■ Stored records

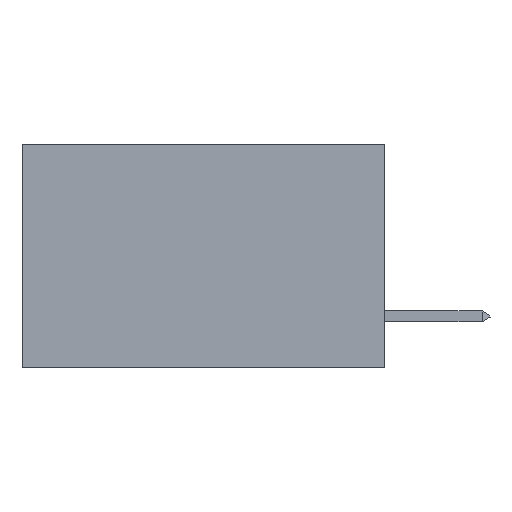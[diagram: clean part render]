
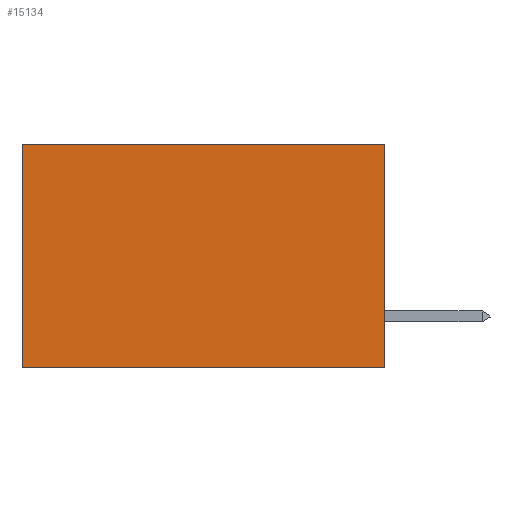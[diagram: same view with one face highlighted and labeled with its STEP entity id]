
A CAD part, left-side view. The second image highlights one B-rep face of the part: STEP entity #15134.
In plain terms, the highlighted planar face has unit normal (-1, 0, 0).
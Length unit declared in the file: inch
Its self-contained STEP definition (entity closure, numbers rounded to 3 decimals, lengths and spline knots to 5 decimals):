
#1983 = EDGE_CURVE ( 'NONE', #21049, #13522, #18401, .T. ) ;
#2079 = DIRECTION ( 'NONE',  ( 0., 1., 0. ) ) ;
#4045 = LINE ( 'NONE', #26923, #19379 ) ;
#4324 = CARTESIAN_POINT ( 'NONE',  ( 0.2875, 0., 0. ) ) ;
#4779 = VECTOR ( 'NONE', #11575, 39.37008 ) ;
#5662 = PLANE ( 'NONE',  #18468 ) ;
#7515 = DIRECTION ( 'NONE',  ( 0., 0., -1. ) ) ;
#8108 = DIRECTION ( 'NONE',  ( 0., 0., -1. ) ) ;
#8926 = LINE ( 'NONE', #17687, #13354 ) ;
#10416 = CARTESIAN_POINT ( 'NONE',  ( 0.2875, 0.6, 0. ) ) ;
#10853 = ORIENTED_EDGE ( 'NONE', *, *, #19019, .F. ) ;
#11575 = DIRECTION ( 'NONE',  ( 0., 0., -1. ) ) ;
#11604 = EDGE_CURVE ( 'NONE', #25427, #21049, #8926, .T. ) ;
#11868 = FACE_OUTER_BOUND ( 'NONE', #13784, .T. ) ;
#12152 = CARTESIAN_POINT ( 'NONE',  ( 0.2875, 0.6, -0.37 ) ) ;
#13354 = VECTOR ( 'NONE', #2079, 39.37008 ) ;
#13522 = VERTEX_POINT ( 'NONE', #12152 ) ;
#13543 = EDGE_CURVE ( 'NONE', #24751, #13522, #4045, .T. ) ;
#13784 = EDGE_LOOP ( 'NONE', ( #14803, #28423, #10853, #25811 ) ) ;
#13860 = CARTESIAN_POINT ( 'NONE',  ( 0.2875, 0., 0. ) ) ;
#14803 = ORIENTED_EDGE ( 'NONE', *, *, #1983, .T. ) ;
#15134 = ADVANCED_FACE ( 'NONE', ( #11868 ), #5662, .F. ) ;
#16856 = DIRECTION ( 'NONE',  ( 0., 1., 0. ) ) ;
#17375 = CARTESIAN_POINT ( 'NONE',  ( 0.2875, 0., 0. ) ) ;
#17687 = CARTESIAN_POINT ( 'NONE',  ( 0.2875, 0., 0. ) ) ;
#17974 = CARTESIAN_POINT ( 'NONE',  ( 0.2875, 0., -0.37 ) ) ;
#18317 = LINE ( 'NONE', #4324, #4779 ) ;
#18401 = LINE ( 'NONE', #24487, #30058 ) ;
#18468 = AXIS2_PLACEMENT_3D ( 'NONE', #17375, #19526, #8108 ) ;
#19019 = EDGE_CURVE ( 'NONE', #25427, #24751, #18317, .T. ) ;
#19379 = VECTOR ( 'NONE', #16856, 39.37008 ) ;
#19526 = DIRECTION ( 'NONE',  ( 1., 0., 0. ) ) ;
#21049 = VERTEX_POINT ( 'NONE', #10416 ) ;
#24487 = CARTESIAN_POINT ( 'NONE',  ( 0.2875, 0.6, 0. ) ) ;
#24751 = VERTEX_POINT ( 'NONE', #17974 ) ;
#25427 = VERTEX_POINT ( 'NONE', #13860 ) ;
#25811 = ORIENTED_EDGE ( 'NONE', *, *, #11604, .T. ) ;
#26923 = CARTESIAN_POINT ( 'NONE',  ( 0.2875, 0., -0.37 ) ) ;
#28423 = ORIENTED_EDGE ( 'NONE', *, *, #13543, .F. ) ;
#30058 = VECTOR ( 'NONE', #7515, 39.37008 ) ;

■ What to do
Write out word for word every line from the one containing "#8108 = DIRECTION" through the last line of the data, and no other line.

■ Answer for this exercise
#8108 = DIRECTION ( 'NONE',  ( 0., 0., -1. ) ) ;
#8926 = LINE ( 'NONE', #17687, #13354 ) ;
#10416 = CARTESIAN_POINT ( 'NONE',  ( 0.2875, 0.6, 0. ) ) ;
#10853 = ORIENTED_EDGE ( 'NONE', *, *, #19019, .F. ) ;
#11575 = DIRECTION ( 'NONE',  ( 0., 0., -1. ) ) ;
#11604 = EDGE_CURVE ( 'NONE', #25427, #21049, #8926, .T. ) ;
#11868 = FACE_OUTER_BOUND ( 'NONE', #13784, .T. ) ;
#12152 = CARTESIAN_POINT ( 'NONE',  ( 0.2875, 0.6, -0.37 ) ) ;
#13354 = VECTOR ( 'NONE', #2079, 39.37008 ) ;
#13522 = VERTEX_POINT ( 'NONE', #12152 ) ;
#13543 = EDGE_CURVE ( 'NONE', #24751, #13522, #4045, .T. ) ;
#13784 = EDGE_LOOP ( 'NONE', ( #14803, #28423, #10853, #25811 ) ) ;
#13860 = CARTESIAN_POINT ( 'NONE',  ( 0.2875, 0., 0. ) ) ;
#14803 = ORIENTED_EDGE ( 'NONE', *, *, #1983, .T. ) ;
#15134 = ADVANCED_FACE ( 'NONE', ( #11868 ), #5662, .F. ) ;
#16856 = DIRECTION ( 'NONE',  ( 0., 1., 0. ) ) ;
#17375 = CARTESIAN_POINT ( 'NONE',  ( 0.2875, 0., 0. ) ) ;
#17687 = CARTESIAN_POINT ( 'NONE',  ( 0.2875, 0., 0. ) ) ;
#17974 = CARTESIAN_POINT ( 'NONE',  ( 0.2875, 0., -0.37 ) ) ;
#18317 = LINE ( 'NONE', #4324, #4779 ) ;
#18401 = LINE ( 'NONE', #24487, #30058 ) ;
#18468 = AXIS2_PLACEMENT_3D ( 'NONE', #17375, #19526, #8108 ) ;
#19019 = EDGE_CURVE ( 'NONE', #25427, #24751, #18317, .T. ) ;
#19379 = VECTOR ( 'NONE', #16856, 39.37008 ) ;
#19526 = DIRECTION ( 'NONE',  ( 1., 0., 0. ) ) ;
#21049 = VERTEX_POINT ( 'NONE', #10416 ) ;
#24487 = CARTESIAN_POINT ( 'NONE',  ( 0.2875, 0.6, 0. ) ) ;
#24751 = VERTEX_POINT ( 'NONE', #17974 ) ;
#25427 = VERTEX_POINT ( 'NONE', #13860 ) ;
#25811 = ORIENTED_EDGE ( 'NONE', *, *, #11604, .T. ) ;
#26923 = CARTESIAN_POINT ( 'NONE',  ( 0.2875, 0., -0.37 ) ) ;
#28423 = ORIENTED_EDGE ( 'NONE', *, *, #13543, .F. ) ;
#30058 = VECTOR ( 'NONE', #7515, 39.37008 ) ;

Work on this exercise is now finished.